PROBLEM TO WORK ON
Begin at the first line of the data and copy each line through the one containing "LTI System1 : cstblocks/LTI", that line included, with no pictures.

┌──

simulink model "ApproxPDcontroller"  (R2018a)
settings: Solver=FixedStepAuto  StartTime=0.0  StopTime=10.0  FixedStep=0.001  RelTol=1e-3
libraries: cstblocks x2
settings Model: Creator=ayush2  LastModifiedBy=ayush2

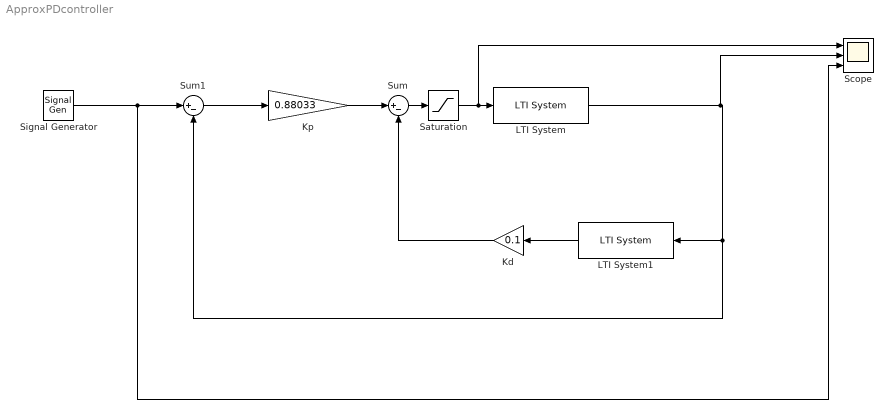
== system ApproxPDcontroller ==
  Kd : Gain  Gain=0.1
  Kp : Gain  Gain=0.88033
  LTI System : cstblocks/LTI System  sys=mydtf  IC=[]
  LTI System1 : cstblocks/LTI System  sys=mydstf  IC=[]
  Saturation : Saturate  UpperLimit=10  LowerLimit=-10
  Scope : Scope  NumInputPorts=3
  Signal Generator : SignalGenerator  WaveForm=square  Frequency=0.25
  Sum : Sum  Inputs=|+-
  Sum1 : Sum  Inputs=|+-
  wires:
  Sum/1 -> Saturation/1
  Kp/1 -> Sum/1
  LTI System/1 -> Scope/2, LTI System1/1, Sum1/2
  LTI System1/1 -> Kd/1
  Kd/1 -> Sum/2
  Sum1/1 -> Kp/1
  Signal Generator/1 -> Scope/3, Sum1/1
  Saturation/1 -> Scope/1, LTI System/1

└──

SOLUTION FOR THIS EXERCISE
simulink model "ApproxPDcontroller"  (R2018a)
settings: Solver=FixedStepAuto  StartTime=0.0  StopTime=10.0  FixedStep=0.001  RelTol=1e-3
libraries: cstblocks x2
settings Model: Creator=ayush2  LastModifiedBy=ayush2

== system ApproxPDcontroller ==
  Kd : Gain  Gain=0.1
  Kp : Gain  Gain=0.88033
  LTI System : cstblocks/LTI System  sys=mydtf  IC=[]
  LTI System1 : cstblocks/LTI System  sys=mydstf  IC=[]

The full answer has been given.